Hay debates que no se ganan con estadísticas ni con tecnicismos porque nacen en el territorio más profundo del sufrimiento humano. La discusión sobre la eutanasia pertenece a ese espacio. Se activa cuando la vida duele más que la muerte, cuando el cuerpo se convierte en territorio de batalla y la persona, lúcida y agotada, simplemente pide que se respete su voluntad de dejar de sufrir.

En México, ese sufrimiento se encuentra con una pared legal. La eutanasia activa sigue prohibida y el suicidio asistido se castiga como delito, aun cuando la solicitud provenga de un paciente plenamente consciente y en agonía irreversible. Al mismo tiempo, convivimos con leyes de voluntad anticipada que reconocen el derecho a rechazar tratamientos que prolongan artificialmente la vida. Es decir, aceptamos que alguien pueda decidir cómo no quiere vivir, pero seguimos sin permitir que decida cómo quiere morir.

Esa contradicción se vuelve más clara cuando miramos lo que ocurre en otros países. España, Canadá, Colombia, Bélgica y Países Bajos han construido modelos regulados, estrictos y profundamente humanos para quienes atraviesan enfermedades incurables y dolorosas. No son países que “promuevan la muerte”; son países que entienden que la dignidad no se cancela cuando inicia la agonía. La experiencia comparada muestra que con procedimientos rigurosos —solicitudes reiteradas, evaluación médica independiente, comités de revisión y salvaguardas para proteger a los vulnerables— la eutanasia no solo es posible, sino justa y segura.

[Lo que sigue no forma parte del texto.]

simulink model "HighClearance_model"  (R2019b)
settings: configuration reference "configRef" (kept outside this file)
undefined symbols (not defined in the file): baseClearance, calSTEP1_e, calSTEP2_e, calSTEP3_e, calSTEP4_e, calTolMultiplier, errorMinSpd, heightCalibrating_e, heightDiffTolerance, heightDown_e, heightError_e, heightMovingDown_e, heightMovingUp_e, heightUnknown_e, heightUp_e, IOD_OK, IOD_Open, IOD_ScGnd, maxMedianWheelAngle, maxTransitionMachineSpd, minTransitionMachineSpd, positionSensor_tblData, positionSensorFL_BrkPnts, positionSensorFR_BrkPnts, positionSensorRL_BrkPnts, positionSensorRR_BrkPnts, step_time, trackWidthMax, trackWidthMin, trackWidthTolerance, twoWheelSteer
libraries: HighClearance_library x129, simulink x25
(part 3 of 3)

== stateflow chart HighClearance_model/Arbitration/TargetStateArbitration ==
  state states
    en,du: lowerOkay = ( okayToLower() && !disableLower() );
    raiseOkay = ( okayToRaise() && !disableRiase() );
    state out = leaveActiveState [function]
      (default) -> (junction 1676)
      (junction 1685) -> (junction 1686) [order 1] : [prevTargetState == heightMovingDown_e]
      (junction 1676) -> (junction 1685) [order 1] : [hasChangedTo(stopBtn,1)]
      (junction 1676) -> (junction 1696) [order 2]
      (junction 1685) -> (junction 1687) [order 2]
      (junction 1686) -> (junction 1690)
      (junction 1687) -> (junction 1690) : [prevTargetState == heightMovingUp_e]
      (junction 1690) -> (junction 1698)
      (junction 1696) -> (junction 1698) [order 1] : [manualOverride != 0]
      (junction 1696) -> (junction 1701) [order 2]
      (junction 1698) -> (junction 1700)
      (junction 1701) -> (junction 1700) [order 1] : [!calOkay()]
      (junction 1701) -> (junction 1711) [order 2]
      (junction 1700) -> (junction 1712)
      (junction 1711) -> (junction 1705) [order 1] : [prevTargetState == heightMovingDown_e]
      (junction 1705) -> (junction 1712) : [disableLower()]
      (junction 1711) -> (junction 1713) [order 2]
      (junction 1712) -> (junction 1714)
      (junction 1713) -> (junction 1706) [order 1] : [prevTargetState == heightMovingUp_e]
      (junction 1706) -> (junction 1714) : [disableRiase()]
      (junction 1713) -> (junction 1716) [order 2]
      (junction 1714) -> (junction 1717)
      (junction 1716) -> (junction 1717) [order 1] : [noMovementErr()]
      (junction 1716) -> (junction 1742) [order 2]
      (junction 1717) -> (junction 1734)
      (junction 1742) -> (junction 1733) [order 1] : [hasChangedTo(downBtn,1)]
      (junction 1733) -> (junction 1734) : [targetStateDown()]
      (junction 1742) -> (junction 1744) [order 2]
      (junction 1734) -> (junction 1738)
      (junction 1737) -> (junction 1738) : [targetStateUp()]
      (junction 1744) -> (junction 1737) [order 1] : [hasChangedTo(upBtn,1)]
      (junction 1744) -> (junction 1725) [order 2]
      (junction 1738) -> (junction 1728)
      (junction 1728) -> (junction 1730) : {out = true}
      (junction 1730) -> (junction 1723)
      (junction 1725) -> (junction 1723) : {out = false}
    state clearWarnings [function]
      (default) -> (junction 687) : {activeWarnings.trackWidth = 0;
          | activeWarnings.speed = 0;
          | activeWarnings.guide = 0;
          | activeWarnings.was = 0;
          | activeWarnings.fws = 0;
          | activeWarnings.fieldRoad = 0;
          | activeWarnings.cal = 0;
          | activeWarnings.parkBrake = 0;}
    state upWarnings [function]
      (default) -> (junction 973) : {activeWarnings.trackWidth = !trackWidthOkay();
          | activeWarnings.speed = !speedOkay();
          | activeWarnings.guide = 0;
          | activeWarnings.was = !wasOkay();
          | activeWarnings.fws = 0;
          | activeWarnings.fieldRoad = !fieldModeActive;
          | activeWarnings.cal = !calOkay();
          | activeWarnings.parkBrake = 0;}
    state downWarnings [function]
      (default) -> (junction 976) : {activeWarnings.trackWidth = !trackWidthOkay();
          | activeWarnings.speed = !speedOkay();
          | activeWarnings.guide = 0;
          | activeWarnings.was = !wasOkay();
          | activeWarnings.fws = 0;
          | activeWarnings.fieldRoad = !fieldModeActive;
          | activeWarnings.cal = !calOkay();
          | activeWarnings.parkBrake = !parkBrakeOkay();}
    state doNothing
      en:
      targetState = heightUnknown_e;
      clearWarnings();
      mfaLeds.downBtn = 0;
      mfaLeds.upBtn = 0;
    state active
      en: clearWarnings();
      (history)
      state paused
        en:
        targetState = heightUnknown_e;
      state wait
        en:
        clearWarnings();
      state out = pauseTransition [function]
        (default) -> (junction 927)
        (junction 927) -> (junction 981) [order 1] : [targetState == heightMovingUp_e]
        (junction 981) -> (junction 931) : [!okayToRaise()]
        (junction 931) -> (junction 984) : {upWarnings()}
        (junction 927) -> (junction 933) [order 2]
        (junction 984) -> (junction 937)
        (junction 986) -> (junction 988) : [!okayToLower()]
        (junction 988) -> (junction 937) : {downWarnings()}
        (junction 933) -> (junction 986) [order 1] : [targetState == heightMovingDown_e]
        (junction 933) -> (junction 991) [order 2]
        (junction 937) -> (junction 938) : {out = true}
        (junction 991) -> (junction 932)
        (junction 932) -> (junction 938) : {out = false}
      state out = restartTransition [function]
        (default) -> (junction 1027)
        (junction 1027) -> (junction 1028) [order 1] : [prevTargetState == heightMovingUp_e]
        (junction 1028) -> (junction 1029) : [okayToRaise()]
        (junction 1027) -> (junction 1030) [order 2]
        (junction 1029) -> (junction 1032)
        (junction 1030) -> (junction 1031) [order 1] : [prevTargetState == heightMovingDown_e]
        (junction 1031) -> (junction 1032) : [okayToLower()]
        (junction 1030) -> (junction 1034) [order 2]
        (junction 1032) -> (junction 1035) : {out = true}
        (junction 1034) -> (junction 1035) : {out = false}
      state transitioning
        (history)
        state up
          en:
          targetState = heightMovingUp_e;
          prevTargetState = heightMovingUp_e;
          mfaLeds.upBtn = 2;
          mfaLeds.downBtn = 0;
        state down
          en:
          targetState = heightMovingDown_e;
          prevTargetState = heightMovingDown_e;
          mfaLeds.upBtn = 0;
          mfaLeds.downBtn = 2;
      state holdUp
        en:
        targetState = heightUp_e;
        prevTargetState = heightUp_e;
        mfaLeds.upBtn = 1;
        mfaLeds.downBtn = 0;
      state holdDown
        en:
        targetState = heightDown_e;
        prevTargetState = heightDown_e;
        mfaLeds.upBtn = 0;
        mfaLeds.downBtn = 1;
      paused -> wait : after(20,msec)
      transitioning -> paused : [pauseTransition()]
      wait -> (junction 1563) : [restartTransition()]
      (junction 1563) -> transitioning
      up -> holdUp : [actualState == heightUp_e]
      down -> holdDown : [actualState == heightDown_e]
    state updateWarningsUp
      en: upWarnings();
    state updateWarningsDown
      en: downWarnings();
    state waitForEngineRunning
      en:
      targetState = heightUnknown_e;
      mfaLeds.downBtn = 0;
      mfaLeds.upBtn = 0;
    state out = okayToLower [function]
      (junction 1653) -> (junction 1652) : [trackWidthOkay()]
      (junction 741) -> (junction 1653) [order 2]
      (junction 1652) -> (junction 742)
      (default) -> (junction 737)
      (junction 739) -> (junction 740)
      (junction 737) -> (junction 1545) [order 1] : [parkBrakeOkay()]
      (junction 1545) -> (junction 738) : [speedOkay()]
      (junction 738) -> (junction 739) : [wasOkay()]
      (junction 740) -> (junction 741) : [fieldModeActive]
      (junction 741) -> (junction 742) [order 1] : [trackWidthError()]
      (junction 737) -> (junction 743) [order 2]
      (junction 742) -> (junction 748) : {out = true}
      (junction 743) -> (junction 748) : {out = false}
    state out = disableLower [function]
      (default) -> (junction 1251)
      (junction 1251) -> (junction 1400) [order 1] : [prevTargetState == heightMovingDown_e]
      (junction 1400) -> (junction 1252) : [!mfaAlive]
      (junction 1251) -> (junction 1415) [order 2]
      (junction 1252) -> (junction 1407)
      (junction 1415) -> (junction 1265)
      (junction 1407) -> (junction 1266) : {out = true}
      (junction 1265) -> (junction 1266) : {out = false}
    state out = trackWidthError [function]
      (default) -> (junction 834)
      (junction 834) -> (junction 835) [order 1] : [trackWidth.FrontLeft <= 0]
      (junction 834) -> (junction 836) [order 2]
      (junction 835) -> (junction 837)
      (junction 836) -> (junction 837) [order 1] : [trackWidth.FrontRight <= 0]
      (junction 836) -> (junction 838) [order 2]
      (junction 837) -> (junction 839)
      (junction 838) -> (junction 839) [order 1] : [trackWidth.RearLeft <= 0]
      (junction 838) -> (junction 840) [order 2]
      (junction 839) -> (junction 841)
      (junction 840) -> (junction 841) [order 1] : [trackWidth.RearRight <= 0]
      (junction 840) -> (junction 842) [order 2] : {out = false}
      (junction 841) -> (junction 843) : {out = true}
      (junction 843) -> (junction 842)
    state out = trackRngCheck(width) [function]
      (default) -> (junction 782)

Mientras tanto, en México seguimos discutiendo desde el temor o desde convicciones morales que, siendo respetables, no pueden imponerse a toda la sociedad. Como señala el propio marco constitucional, vivimos en un Estado laico. Ello implica que las creencias religiosas pueden guiar decisiones personales, pero no pueden definir obligaciones para quienes piensan distinto. Nadie estaría obligado a solicitar la eutanasia; nadie estaría obligado a practicarla. Pero quienes la necesitan y la desean deberían tener la posibilidad legal de acceder a ella.

Cuando se escucha la voz de quienes han luchado por este derecho en otras latitudes, la discusión adquiere otro peso. El caso de Ramón Sampedro en España, el de Ovidio González y Martha Sepúlveda en Colombia, o tantos otros que han enfrentado sufrimientos indecibles, nos recuerdan que la eutanasia no está hecha de teoría jurídica; está hecha de seres humanos que piden que se les devuelva el control sobre su propio final. Historias así nos obligan a preguntarnos si la compasión debe seguir siendo un delito.

Regular la eutanasia no significa renunciar al valor de la vida. Significa reconocer que hay vidas que se transforman en dolor puro y duro y que, en esos casos, la libertad debe permitir elegir otro camino. Un camino que evite la clandestinidad, que proteja a los vulnerables, que respete a los médicos objetores y que ponga en el centro a la persona que sufre.

México tiene pendiente ese debate. Y mientras lo aplaza, miles de personas enfrentan cada año una agonía que podría ser distinta. Porque llega un momento en que la vida ya no se sostiene por la esperanza, sino por la inercia. Y es ahí, precisamente ahí, cuando debemos recordar que ninguna ley debería obligar a alguien a vivir cuando la vida duele más que la muerte.